Les recherches sont menées sur une parcelle jouxtant une zone déjà fouillée en juin, mais sur un terrain "presque deux fois et demie" plus grand, soit "quatre ou cinq hectares", "suivant les indications qui ont été données par l'ex-épouse du tueur Monique Olivier à la juge d'instruction, et l'étude qu'ont pu faire les gendarmes du terrain", a expliqué à l'AFP l'un des avocats de la famille d'Estelle, Me Didier Seban, quittant les lieux en fin de journée, un peu avant 19H00.

Selon lui, Monique Olivier sera présente mardi. Le 1er avril, elle avait pour la première fois reconnu un rôle dans la séquestration d'Estelle, enlevée à neuf ans, le 9 janvier 2003 à Guermantes (Seine-et-Marne). Elle avait précisé avoir accompagné Michel Fourniret au bord du bois d'Issancourt-et-Rumel pour le laisser aller enfouir le corps de la fillette.

Lundi, comme les fois précédentes, les recherches sont restées infructueuses.


La zone des fouilles a été déterminée en tenant compte des indications de Monique Olivier "sur le temps qu'elle a attendu Michel Fourniret" à proximité du terrain, a précisé l'avocat. "Tout cela a été minuté pour pouvoir aller jusqu'à l'endroit maximum" ou le tueur en série aurait pu enterrer le corps.

Ce lundi, une "petite zone" a été explorée, mais "c'était beaucoup une préparation du terrain", et "c'est à partir de mardi qu'on ira creuser de manière plus approfondie", a dit Me Seban.

Le premier fourgon de la gendarmerie de l'identification criminelle était arrivé sur place en fin de matinée, vers 11H00, suivi vers 15H00 des avocats de la famille d'Estelle Mouzin, Didier Seban et Corinne Herrmann, selon des journalistes de l'AFP, tenus à l'écart à plusieurs centaines de mètres. 

- "Donner une sépulture" à Estelle -

La parcelle avait auparavant été largement déboisée. Comme lors des fouilles de juin, la justice a fait couper les arbres, retirer les souches et observe "la couche d'humus en dessous, pour vérifier si des endroits peuvent paraître suspects", avant de décider de creuser ou non, a encore expliqué Me Didier Seban. 

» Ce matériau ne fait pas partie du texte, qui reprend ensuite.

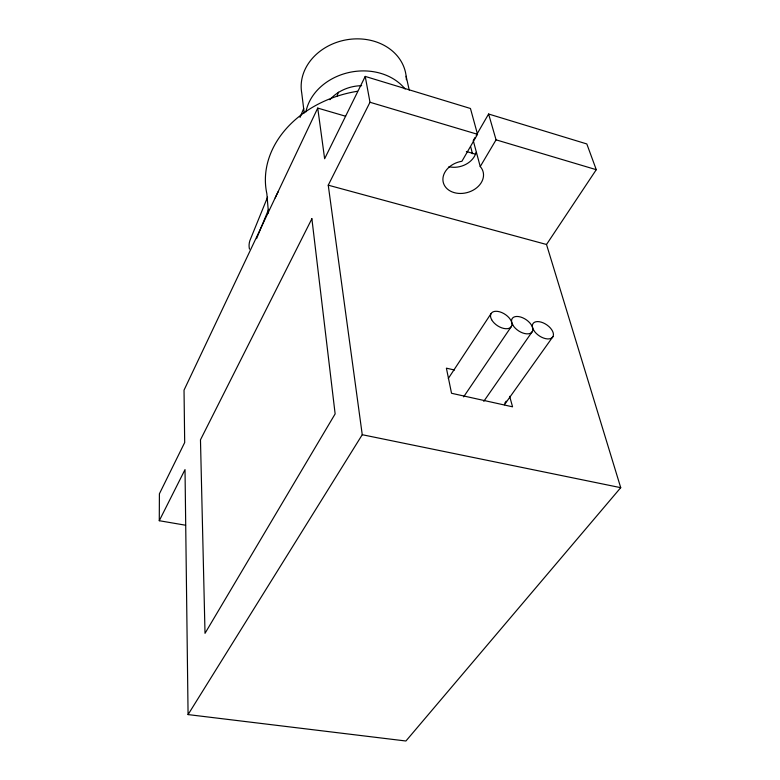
<?xml version="1.0" encoding="UTF-8"?>
<svg xmlns="http://www.w3.org/2000/svg" width="780" height="780" viewBox="0 0 780 780"><rect width="100%" height="100%" fill="white"/><g stroke="black" fill="none" stroke-linecap="round" stroke-linejoin="round"><path stroke-width="1.17" d="M185.582 525.223L159.276 520.718L159.403 493.798L184.684 442.543L184.031 390.136L317.733 108.088L345.618 116.239M267.56 197.165L250.643 238.729A26.462 19.997 -4.5 0 0 249.473 249.122M300.037 117.419L303.703 108.439M256.561 238.66L268.603 209.381M159.276 520.718L185.016 469.599L188.078 714.587L405.922 741L620.724 487.675L546.517 244.491L596.271 169.689L586.823 143.949L488.602 114.016L496.06 139.834L480.236 166.559A20.621 15.873 -15.6 0 1 471.237 191.139A20.621 15.873 -15.6 0 1 443.459 183.105A20.621 15.873 -15.6 0 1 461.926 161.265L477.526 134.306L470.457 108.488L365.225 76.42L324.636 158.73L317.733 108.088M188.078 714.587L362.252 434.714L328.244 185.182L369.993 102.268L365.225 76.42M475.02 137.495L473.245 140.556L480.236 166.559M476.2 135.457L488.602 114.016M448.295 378.505L491.088 313.55M463.613 396.874L511.446 326.381M483.776 401.339L532.34 331.51M504.816 403.114L506.2 401.173M504.416 404.771L552.991 336.57M362.252 434.714L620.724 487.675M454.545 370.022L446.394 368.16L451.532 393.276L512.558 406.819L509.662 396.318M328.244 185.182L546.517 244.491M466.372 151.505L475.654 154.216M369.993 102.268L477.526 134.306M496.06 139.834L596.271 169.689M406.146 76.264L409.227 90.09M304.2 112.924L301.743 93.054A52.903 44.216 -11.1 0 1 349.421 39.361A52.903 44.216 -11.1 0 1 406.37 79.726M268.476 213.028L266.867 193.762A104.676 82.339 -10.4 0 1 357.464 91.27M305.906 111.92A54.493 44.587 -10.8 0 1 348.543 72.598A54.493 44.587 -10.8 0 1 405.132 89.056M329.891 99.704A37.401 30.595 -10.8 0 1 361.637 85.693M337.194 96.301A19.168 15.883 -10.9 0 1 338.491 92.186M275.194 197.925A108.712 82.865 -10.2 0 1 278.304 191.558M470.613 146.659A104.676 82.339 -10.4 0 1 472.339 153.728M476.092 152.334A20.163 15.805 -16.1 0 1 448.9 166.715M311.883 218.741L200.47 439.832L205.013 633.331L335.137 413.897L311.883 218.741M533.588 330.018A11.924 6.659 34.2 0 0 551.86 337.896A11.924 6.659 34.2 0 0 543.212 322.871A11.924 6.659 34.2 0 0 533.588 330.018M512.743 324.899A11.983 6.747 33.7 0 0 531.17 332.836A11.983 6.747 33.7 0 0 522.658 317.762A11.983 6.747 33.7 0 0 512.743 324.899M491.644 319.712A12.041 6.844 33.2 0 0 510.227 327.707A12.041 6.844 33.2 0 0 501.862 312.595A12.041 6.844 33.2 0 0 491.644 319.712"/></g></svg>
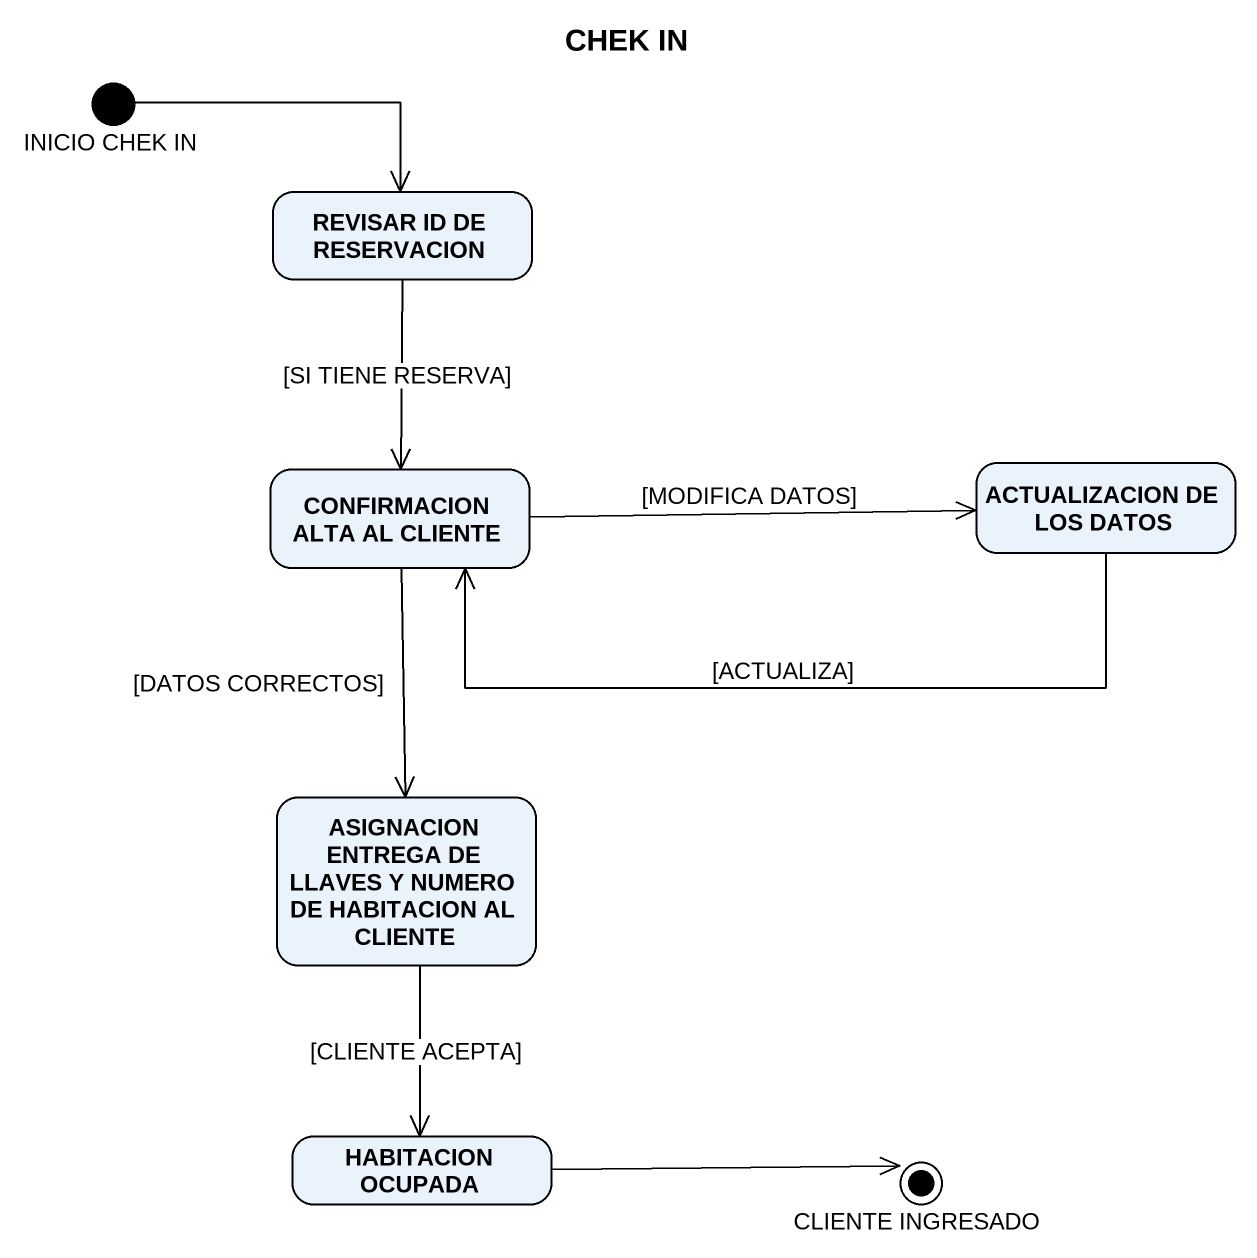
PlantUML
@startuml
title CHEK IN
hide empty description
state "INICIO CHEK IN" as INICIO_CHEK_IN <<start>>
state "REVISAR ID DE RESERVACION" as REVISAR_ID_DE_RESERVACION
state "CONFIRMACION ALTA AL CLIENTE" as CONFIRMACION_ALTA_AL_CLIENTE
state "ACTUALIZACION DE LOS DATOS" as ACTUALIZACION_DE_LOS_DATOS
state "ASIGNACION ENTREGA DE LLAVES Y NUMERO DE HABITACION AL CLIENTE" as ASIGNACION_ENTREGA_DE
state "HABITACION OCUPADA" as HABITACION_OCUPADA
state "CLIENTE INGRESADO" as CLIENTE_INGRESADO <<end>>
INICIO_CHEK_IN -right-> REVISAR_ID_DE_RESERVACION
REVISAR_ID_DE_RESERVACION --> CONFIRMACION_ALTA_AL_CLIENTE : [SI TIENE RESERVA]
CONFIRMACION_ALTA_AL_CLIENTE -right-> ACTUALIZACION_DE_LOS_DATOS : [MODIFICA DATOS]
CONFIRMACION_ALTA_AL_CLIENTE --> ASIGNACION_ENTREGA_DE : [DATOS CORRECTOS]
ACTUALIZACION_DE_LOS_DATOS -left-> CONFIRMACION_ALTA_AL_CLIENTE : [ACTUALIZA]
ASIGNACION_ENTREGA_DE --> HABITACION_OCUPADA : [CLIENTE ACEPTA]
HABITACION_OCUPADA -right-> CLIENTE_INGRESADO
@enduml

Depuis la mort de son ex-époux en mai, Monique Olivier "continue à contribuer à l'enquête à sa manière". Et alors qu'elle a "réitéré à de très nombreuses reprises ses aveux (...) on voit mal pourquoi elle viendrait raconter n'importe quoi sur le lieu où est enterré le corps", a estimé Me Seban.

Le père d'Estelle Mouzin a donc toujours "l'espoir qu'on retrouve le corps d'Estelle pour lui donner une sépulture, (et) la satisfaction que la justice mette les moyens sur cette enquête après avoir tant failli", a-t-il conclu.

Le village d'Issancourt-et-Rumel se situe à quelque 4 km de Ville-sur-Lumes, où, toujours selon Monique Olivier, Michel Fourniret a séquestré, violé et tué Estelle, dans une maison appartenant à sa sœur. L'ADN partiel d'Estelle Mouzin a été retrouvé à deux endroits sur un matelas saisi en 2003 dans cette maison.

Condamné à la perpétuité incompressible pour les meurtres de sept jeunes femmes ou adolescentes entre 1987 et 2001, Michel Fourniret avait fini par avouer en mars 2020 sa responsabilité dans la disparition d'Estelle Mouzin. Il est mort à 79 ans à Paris le 10 mai.